1. Its a directional aerial as against an omni-directional one.
2. It lifts up higher than the other one.


----------



## rowley (May 14, 2005)

The 530 is very effective. I have no idea of the cost of fitting as I fitted mine myself. If you have the 315 installed then conversion to the 530 is very easy.
The worst part is plucking up the courage to cut the hole.


----------



## Rocles (May 1, 2005)

Good aerial, works great, we have the 530/5 with shorter pole. Around £160 fitted.


----------



## Snelly (Aug 20, 2005)

Funny you post this, I changed an old status 300 series for a shiney new 530/5 for a customer yesterday! Definitely getting more channels now!


----------



## Pudsey_Bear (Sep 25, 2008)

Our status works fine outside the house, anywhere else, forget it, just slows us down, would remove it if it didn't leave a hole.

Kev.


----------



## Snelly (Aug 20, 2005)

The status 530 itself is a good antenna, in fact one of the best you can fit to your mh.... but if you want good reception you need to look at satellite.


----------



## Groper (May 17, 2007)

All depends on the area.
I have had excellent reception at Hurn Lane(CC) and Forest of Bere(CC),reasonable reception at Cannock Chase(CCC) and Pembrey Country Park(CC).
If poor reception I use the Maplin kit(not at Pembrey Country Park as only a few pitches have a good "view" of the satellite).

Clive.


----------



## pfil32 (Jul 27, 2005)

I use the 530 short version in conjunction with the amplifier. I must say that I have been very impressed with it. I can normally pick up Digital TV and if not certainly a watchable picture on analogue. However it does depend on where you are. If you are out in the sticks in the middle of Scotland the you would probably have a problem. 

Phil


----------



## trackerman (Aug 16, 2005)

Kev-n-Liz
You can purchase a purpose made blanking plate from Status if you wish to remove your aerial.

Stuart


----------



## freewheeler (Nov 6, 2005)

Many thanks for all who replied, and confirmed what I thought about these aerials, including Snellyvision who offered his services. I will start saving my pennies.......

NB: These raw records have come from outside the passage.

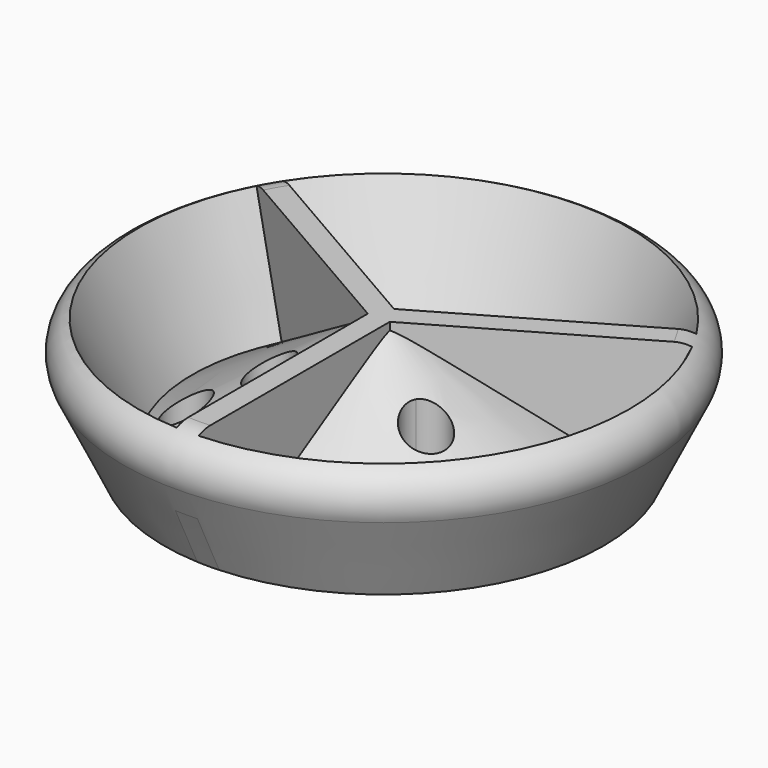
from build123d import *

# Parameters (mm, degrees)
F3_DEPTH = 6
F5_DEPTH = 6.0010001
F6_R     = 1
F7_DEPTH = 5


# Not quite as in the source:
# - a fillet or chamfer that OpenCascade refuses, or shapes differently, is made with other operations: its cross-section is extruded or revolved along the edge and cut away or added


with BuildPart() as f1:
    # F0 (on Front) → F1 (revolve)
    with BuildSketch(Plane.XZ):
        Polygon((0, 0), (10, 0), (8.7085954955, 0.7748427027), (0, 6), align=None)
        Polygon((8.7085954955, 0.7748427027), (10, 0), (12.905373238, 6), (11.2387675248, 6), align=None)
    revolve(axis=Axis((0, 0, 3), (0, 0, -1)))

    # F2 (on face) → F3 (join, through all)
    with BuildSketch(Plane.XY.offset(6)):
        with BuildLine():
            Line((0, -11.2387675248), (0, 0))
            Line((0, 0), (-9.7330581837, 5.6193837624))
            ThreePointArc((-9.7330581837, 5.6193837624), (-9.8556796151, 5.401432662), (-9.9734212913, 5.1808071981))
            Line((-9.9734212913, 5.1808071981), (-0.5, -0.2886751346))
            Line((-0.5, -0.2886751346), (-0.5, -11.2276397999))
            ThreePointArc((-0.5, -11.2276397999), (-0.2500619055, -11.2359852492), (0, -11.2387675248))
        make_face()
        with BuildLine():
            Line((9.7330581837, 5.6193837624), (0, 0))
            Line((0, 0), (0, -11.2387675248))
            ThreePointArc((0, -11.2387675248), (0.2500619055, -11.2359852492), (0.5, -11.2276397999))
            Line((0.5, -11.2276397999), (0.5, -0.2886751346))
            Line((0.5, -0.2886751346), (9.9734212913, 5.1808071981))
            ThreePointArc((9.9734212913, 5.1808071981), (9.8556796151, 5.401432662), (9.7330581837, 5.6193837624))
        make_face()
        with BuildLine():
            Line((-9.7330581837, 5.6193837624), (0, 0))
            Line((0, 0), (9.7330581837, 5.6193837624))
            ThreePointArc((9.7330581837, 5.6193837624), (9.6056177096, 5.8345525873), (9.4734212913, 6.0468326019))
            Line((9.4734212913, 6.0468326019), (0, 0.5773502692))
            Line((0, 0.5773502692), (-9.4734212913, 6.0468326019))
            ThreePointArc((-9.4734212913, 6.0468326019), (-9.6056177096, 5.8345525873), (-9.7330581837, 5.6193837624))
        make_face()
    extrude(amount=-F3_DEPTH)

    # F4 (on face) → F5 (cut, through all)
    with BuildSketch(Plane.XY.offset(6)):
        with BuildLine():
            ThreePointArc((7.1655671975, -3.5596918812), (6.4243862426, -2.5937660549), (5.2995417938, -3.0596918812))
            Line((5.2995417938, -3.0596918812), (7.0315926013, -4.0596918812))
            ThreePointArc((7.0315926013, -4.0596918812), (7.1314930238, -3.8185109263), (7.1655671975, -3.5596918812))
        make_face()
        with BuildLine():
            Line((7.0315926013, -4.0596918812), (5.2995417938, -3.0596918812))
            ThreePointArc((5.2995417938, -3.0596918812), (5.6655671975, -4.425717285), (7.0315926013, -4.0596918812))
        make_face()
        with BuildLine():
            ThreePointArc((4.5674909862, -2.0596918812), (3.8263100313, -1.0937660549), (2.7014655824, -1.5596918812))
            Line((2.7014655824, -1.5596918812), (4.43351639, -2.5596918812))
            ThreePointArc((4.43351639, -2.5596918812), (4.5334168125, -2.3185109263), (4.5674909862, -2.0596918812))
        make_face()
        with BuildLine():
            Line((4.43351639, -2.5596918812), (2.7014655824, -1.5596918812))
            ThreePointArc((2.7014655824, -1.5596918812), (3.0674909862, -2.925717285), (4.43351639, -2.5596918812))
        make_face()
        with BuildLine():
            ThreePointArc((-5.1655671975, -3.5596918812), (-5.1996413713, -3.3008728361), (-5.2995417938, -3.0596918812))
            Line((-5.2995417938, -3.0596918812), (-7.0315926013, -4.0596918812))
            ThreePointArc((-7.0315926013, -4.0596918812), (-5.9067481524, -4.5256177075), (-5.1655671975, -3.5596918812))
        make_face()
        with BuildLine():
            Line((-7.0315926013, -4.0596918812), (-5.2995417938, -3.0596918812))
            ThreePointArc((-5.2995417938, -3.0596918812), (-6.6655671975, -2.6936664774), (-7.0315926013, -4.0596918812))
        make_face()
        with BuildLine():
            ThreePointArc((-2.5674909862, -2.0596918812), (-2.6015651599, -1.8008728361), (-2.7014655824, -1.5596918812))
            Line((-2.7014655824, -1.5596918812), (-4.43351639, -2.5596918812))
            ThreePointArc((-4.43351639, -2.5596918812), (-3.3086719411, -3.0256177075), (-2.5674909862, -2.0596918812))
        make_face()
        with BuildLine():
            Line((-4.43351639, -2.5596918812), (-2.7014655824, -1.5596918812))
            ThreePointArc((-2.7014655824, -1.5596918812), (-4.0674909862, -1.1936664774), (-4.43351639, -2.5596918812))
        make_face()
        with BuildLine():
            ThreePointArc((0, 8.1193837624), (-1, 7.1193837624), (0, 6.1193837624))
            Line((0, 6.1193837624), (0, 8.1193837624))
        make_face()
        with BuildLine():
            Line((0, 8.1193837624), (0, 6.1193837624))
            ThreePointArc((0, 6.1193837624), (0.7071067812, 6.4122769812), (1, 7.1193837624))
            ThreePointArc((1, 7.1193837624), (0.7071067812, 7.8264905436), (0, 8.1193837624))
        make_face()
        with BuildLine():
            ThreePointArc((0, 5.1193837624), (-1, 4.1193837624), (0, 3.1193837624))
            Line((0, 3.1193837624), (0, 5.1193837624))
        make_face()
        with BuildLine():
            Line((0, 5.1193837624), (0, 3.1193837624))
            ThreePointArc((0, 3.1193837624), (0.7071067812, 3.4122769812), (1, 4.1193837624))
            ThreePointArc((1, 4.1193837624), (0.7071067812, 4.8264905436), (0, 5.1193837624))
        make_face()
    extrude(amount=-F5_DEPTH, mode=Mode.SUBTRACT)

    # F6 (on face) → F7 (cut)
    with BuildSketch(Plane(origin=(0, 0, 0), x_dir=(1, 0, 0), z_dir=(0, 0, -1))):
        Circle(F6_R)
    extrude(amount=-F7_DEPTH, mode=Mode.SUBTRACT)

    # F8: fillet of radius 1.5 on 1 edges, made by hand

    # F8_s1 → F8_t2 (revolve, cut)
    with BuildSketch(Plane.XZ):
        with BuildLine():
            ThreePointArc((11.8624735894, 3.8462671131), (11.7833686143, 5.2966808237), (10.5124242153, 6))
            Line((10.5124242153, 6), (12.905373238, 6))
            Line((12.905373238, 6), (11.8624735894, 3.8462671131))
        make_face()
    revolve(axis=Axis((0, 0, 6), (0, 0, -1)), mode=Mode.SUBTRACT)

    # F0 (on Front) → F9 (revolve, cut)
    with BuildSketch(Plane.XZ):
        Polygon((12.905373238, 6), (10, 0), (13.7833622578, 0), (16.6887354958, 6), align=None)
    revolve(axis=Axis((0, 0, 3), (0, 0, -1)), mode=Mode.SUBTRACT)


solid = f1.part

All I need now is a bracket that will extend far enough out of the Kon-tiki TV cabinet to mount my TV on so I can view it comfortably. Not many brackets seem to tilt DOWN low enough.


----------



## sammydonkin (May 10, 2010)

*TV Aerials*

Without doubt, you require a satellite dish when in Scotland. I bought a whole kit at Aldi for 69.00 in May and finally got it working in Hawick in September, (2011). The only problem I am still having is the digibox which is not small and is awkward to use in the MH.
We do have a Status 530 fitted which works fine at home but not on site. North east England is still on analogue until August 2012, which explains some of my problems.
I did buy a small tv capture device which is supposed to capture digital tv but I can't get it to work either.
I will try and keep this forum informed of progress.


----------



## GerryD (Sep 20, 2007)

Snelly said:


> Funny you post this, I changed an old status 300 series for a shiney new 530/5 for a customer yesterday! Definitely getting more channels now!


Or less, dependant on the number of transmitter overlaps that an Omnidirectional aerial will see compared to a Directional one.
Gerry


----------



## johnthompson (Jul 29, 2010)

We have a Status 530 and find it as good as a bit of wet string in areas that have gone 100% digital.

We can receive signals DVB and Analogue OK on the site we are on at present 1 mile from Pontop Pike transmitter. But in the south lakes (Haverigg) where they have gone 100% digital (DVB) we get nothing at all despite being in line of sight of Barrow Town Hall and Millom Park transmitters. I have tried to visually aligned the beam onto the transmitters. Being horizontal or vertical makes no difference and we have tried all setting on the amplifier box.

I have worked out that you must be spot on beam to the transmitter in digital areas, so a signal finder is absolutely necessary in the digital only areas. With analogue to could get a poor signal and move the antenna to improve it. With digital you either have it or you haven't.

We also have an AVTEC TV and find the tuner in that to be a bit "cloth eared". I can get many more channels using a separate Philips DVB box. Both the TV and box tuners are made by Philips.


----------